**Exercise directions**. Set out exactly every line of the entries below, starting at the line that holds "-0.5, 0.5, -0.5])" and stopping after the line that holds "msp = doc.modelspace()".

=== Source data ===

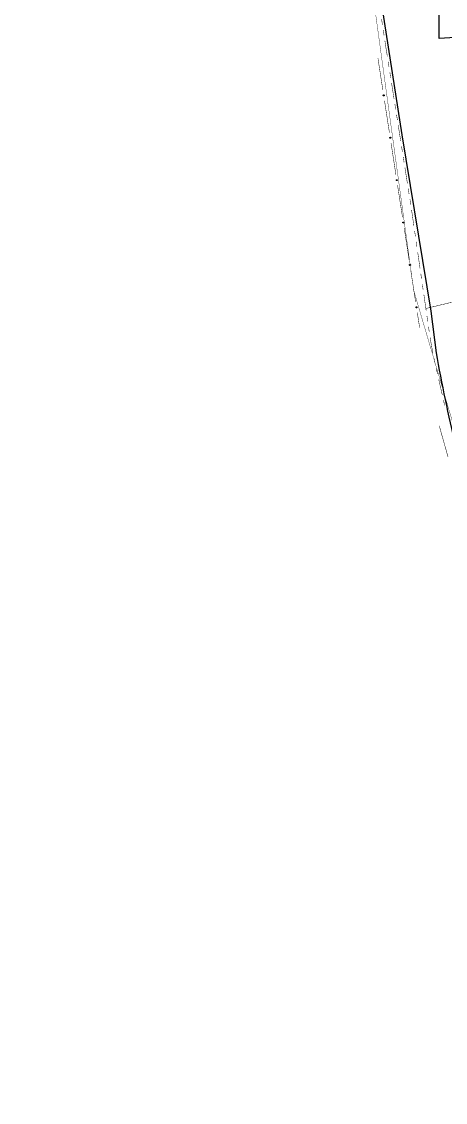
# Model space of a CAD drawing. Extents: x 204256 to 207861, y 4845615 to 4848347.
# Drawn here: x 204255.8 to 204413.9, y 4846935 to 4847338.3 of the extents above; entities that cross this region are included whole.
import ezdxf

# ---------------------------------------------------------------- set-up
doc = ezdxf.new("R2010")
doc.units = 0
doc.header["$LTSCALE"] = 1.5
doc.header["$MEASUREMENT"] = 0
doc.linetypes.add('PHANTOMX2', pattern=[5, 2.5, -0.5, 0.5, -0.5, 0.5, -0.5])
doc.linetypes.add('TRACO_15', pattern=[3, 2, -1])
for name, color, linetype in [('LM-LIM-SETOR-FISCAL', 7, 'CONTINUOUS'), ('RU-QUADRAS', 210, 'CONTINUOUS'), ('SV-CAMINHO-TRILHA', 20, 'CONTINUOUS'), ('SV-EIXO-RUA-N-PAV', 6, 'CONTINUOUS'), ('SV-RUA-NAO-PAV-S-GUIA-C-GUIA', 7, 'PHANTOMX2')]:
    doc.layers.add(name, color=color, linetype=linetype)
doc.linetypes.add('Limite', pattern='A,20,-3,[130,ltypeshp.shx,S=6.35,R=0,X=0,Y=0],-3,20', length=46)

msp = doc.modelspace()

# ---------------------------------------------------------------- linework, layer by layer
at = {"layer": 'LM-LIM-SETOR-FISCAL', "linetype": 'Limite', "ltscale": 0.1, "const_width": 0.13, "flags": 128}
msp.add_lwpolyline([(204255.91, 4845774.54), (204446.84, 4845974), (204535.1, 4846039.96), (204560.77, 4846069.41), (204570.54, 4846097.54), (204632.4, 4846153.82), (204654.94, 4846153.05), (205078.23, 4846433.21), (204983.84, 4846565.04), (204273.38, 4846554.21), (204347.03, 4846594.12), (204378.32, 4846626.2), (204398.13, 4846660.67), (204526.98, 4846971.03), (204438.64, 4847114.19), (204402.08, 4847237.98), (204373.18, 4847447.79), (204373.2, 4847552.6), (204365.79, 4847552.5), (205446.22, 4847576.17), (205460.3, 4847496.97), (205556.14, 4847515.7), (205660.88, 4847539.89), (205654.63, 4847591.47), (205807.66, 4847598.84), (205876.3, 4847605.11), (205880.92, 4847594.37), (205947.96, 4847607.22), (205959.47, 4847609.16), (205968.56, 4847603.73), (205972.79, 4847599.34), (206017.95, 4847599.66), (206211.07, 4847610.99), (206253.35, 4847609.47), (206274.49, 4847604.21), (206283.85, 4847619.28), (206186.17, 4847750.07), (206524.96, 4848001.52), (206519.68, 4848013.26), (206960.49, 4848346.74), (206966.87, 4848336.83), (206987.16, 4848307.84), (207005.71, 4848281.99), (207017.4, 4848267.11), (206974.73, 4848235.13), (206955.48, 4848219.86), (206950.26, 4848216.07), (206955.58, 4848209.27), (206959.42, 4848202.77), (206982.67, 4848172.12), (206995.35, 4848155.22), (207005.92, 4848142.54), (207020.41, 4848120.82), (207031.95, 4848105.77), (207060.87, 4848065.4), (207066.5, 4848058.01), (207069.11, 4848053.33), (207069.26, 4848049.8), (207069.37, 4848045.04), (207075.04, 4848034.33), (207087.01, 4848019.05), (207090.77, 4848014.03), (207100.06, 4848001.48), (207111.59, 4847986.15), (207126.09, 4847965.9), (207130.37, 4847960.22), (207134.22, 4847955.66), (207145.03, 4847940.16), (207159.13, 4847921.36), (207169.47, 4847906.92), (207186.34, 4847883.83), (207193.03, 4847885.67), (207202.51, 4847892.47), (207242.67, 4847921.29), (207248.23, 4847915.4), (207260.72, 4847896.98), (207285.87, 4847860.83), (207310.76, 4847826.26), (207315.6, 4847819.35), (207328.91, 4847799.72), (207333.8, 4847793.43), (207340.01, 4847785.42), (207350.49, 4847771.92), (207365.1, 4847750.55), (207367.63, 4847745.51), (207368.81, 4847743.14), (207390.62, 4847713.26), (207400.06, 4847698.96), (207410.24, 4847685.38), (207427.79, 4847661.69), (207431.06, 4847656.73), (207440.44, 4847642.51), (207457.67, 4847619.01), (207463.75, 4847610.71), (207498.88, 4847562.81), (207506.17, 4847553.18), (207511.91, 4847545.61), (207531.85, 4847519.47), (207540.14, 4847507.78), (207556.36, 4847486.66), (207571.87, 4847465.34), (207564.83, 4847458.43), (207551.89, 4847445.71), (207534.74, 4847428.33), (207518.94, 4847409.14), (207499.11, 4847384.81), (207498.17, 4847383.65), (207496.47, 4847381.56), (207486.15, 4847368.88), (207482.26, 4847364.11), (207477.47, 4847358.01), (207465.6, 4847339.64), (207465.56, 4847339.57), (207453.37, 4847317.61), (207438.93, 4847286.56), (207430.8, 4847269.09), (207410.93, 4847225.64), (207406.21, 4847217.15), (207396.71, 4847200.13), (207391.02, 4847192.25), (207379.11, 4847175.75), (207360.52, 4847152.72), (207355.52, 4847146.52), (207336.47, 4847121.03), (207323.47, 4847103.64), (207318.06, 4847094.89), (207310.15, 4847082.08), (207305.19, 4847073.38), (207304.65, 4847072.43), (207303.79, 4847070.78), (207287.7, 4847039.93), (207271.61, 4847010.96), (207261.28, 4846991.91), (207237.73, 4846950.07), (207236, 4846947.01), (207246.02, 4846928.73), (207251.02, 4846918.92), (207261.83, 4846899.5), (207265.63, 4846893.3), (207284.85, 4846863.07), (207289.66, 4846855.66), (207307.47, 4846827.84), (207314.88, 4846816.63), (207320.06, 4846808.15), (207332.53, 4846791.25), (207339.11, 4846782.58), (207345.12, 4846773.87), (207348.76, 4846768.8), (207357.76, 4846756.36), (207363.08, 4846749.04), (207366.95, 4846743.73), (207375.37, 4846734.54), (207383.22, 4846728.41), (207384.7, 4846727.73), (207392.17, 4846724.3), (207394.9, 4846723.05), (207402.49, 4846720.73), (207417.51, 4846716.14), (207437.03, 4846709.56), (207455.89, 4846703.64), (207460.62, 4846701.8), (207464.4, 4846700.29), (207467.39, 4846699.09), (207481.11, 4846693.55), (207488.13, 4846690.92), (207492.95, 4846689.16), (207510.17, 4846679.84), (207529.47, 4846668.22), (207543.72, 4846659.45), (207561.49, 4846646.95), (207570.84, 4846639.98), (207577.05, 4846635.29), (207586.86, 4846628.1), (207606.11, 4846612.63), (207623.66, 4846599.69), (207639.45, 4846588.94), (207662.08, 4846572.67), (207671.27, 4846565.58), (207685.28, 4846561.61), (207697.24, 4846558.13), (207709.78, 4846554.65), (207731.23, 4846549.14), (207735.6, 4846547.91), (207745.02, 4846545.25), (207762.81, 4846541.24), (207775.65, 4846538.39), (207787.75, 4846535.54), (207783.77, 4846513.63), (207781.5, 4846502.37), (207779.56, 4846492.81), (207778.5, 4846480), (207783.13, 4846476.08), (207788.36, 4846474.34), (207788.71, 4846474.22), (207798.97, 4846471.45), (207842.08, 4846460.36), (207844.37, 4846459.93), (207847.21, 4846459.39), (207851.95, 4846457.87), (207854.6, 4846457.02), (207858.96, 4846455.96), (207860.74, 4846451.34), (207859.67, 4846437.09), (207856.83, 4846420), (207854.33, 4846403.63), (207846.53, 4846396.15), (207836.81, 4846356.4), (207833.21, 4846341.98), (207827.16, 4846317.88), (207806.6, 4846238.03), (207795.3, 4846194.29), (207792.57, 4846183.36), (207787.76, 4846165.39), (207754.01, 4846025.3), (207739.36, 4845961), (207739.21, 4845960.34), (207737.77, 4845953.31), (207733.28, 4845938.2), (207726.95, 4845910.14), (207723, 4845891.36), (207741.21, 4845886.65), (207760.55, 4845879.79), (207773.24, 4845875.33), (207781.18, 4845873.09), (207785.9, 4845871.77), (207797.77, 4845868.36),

===

**Finished task**.
doc.linetypes.add('PHANTOMX2', pattern=[5, 2.5, -0.5, 0.5, -0.5, 0.5, -0.5])
doc.linetypes.add('TRACO_15', pattern=[3, 2, -1])
for name, color, linetype in [('LM-LIM-SETOR-FISCAL', 7, 'CONTINUOUS'), ('RU-QUADRAS', 210, 'CONTINUOUS'), ('SV-CAMINHO-TRILHA', 20, 'CONTINUOUS'), ('SV-EIXO-RUA-N-PAV', 6, 'CONTINUOUS'), ('SV-RUA-NAO-PAV-S-GUIA-C-GUIA', 7, 'PHANTOMX2')]:
    doc.layers.add(name, color=color, linetype=linetype)
doc.linetypes.add('Limite', pattern='A,20,-3,[130,ltypeshp.shx,S=6.35,R=0,X=0,Y=0],-3,20', length=46)

msp = doc.modelspace()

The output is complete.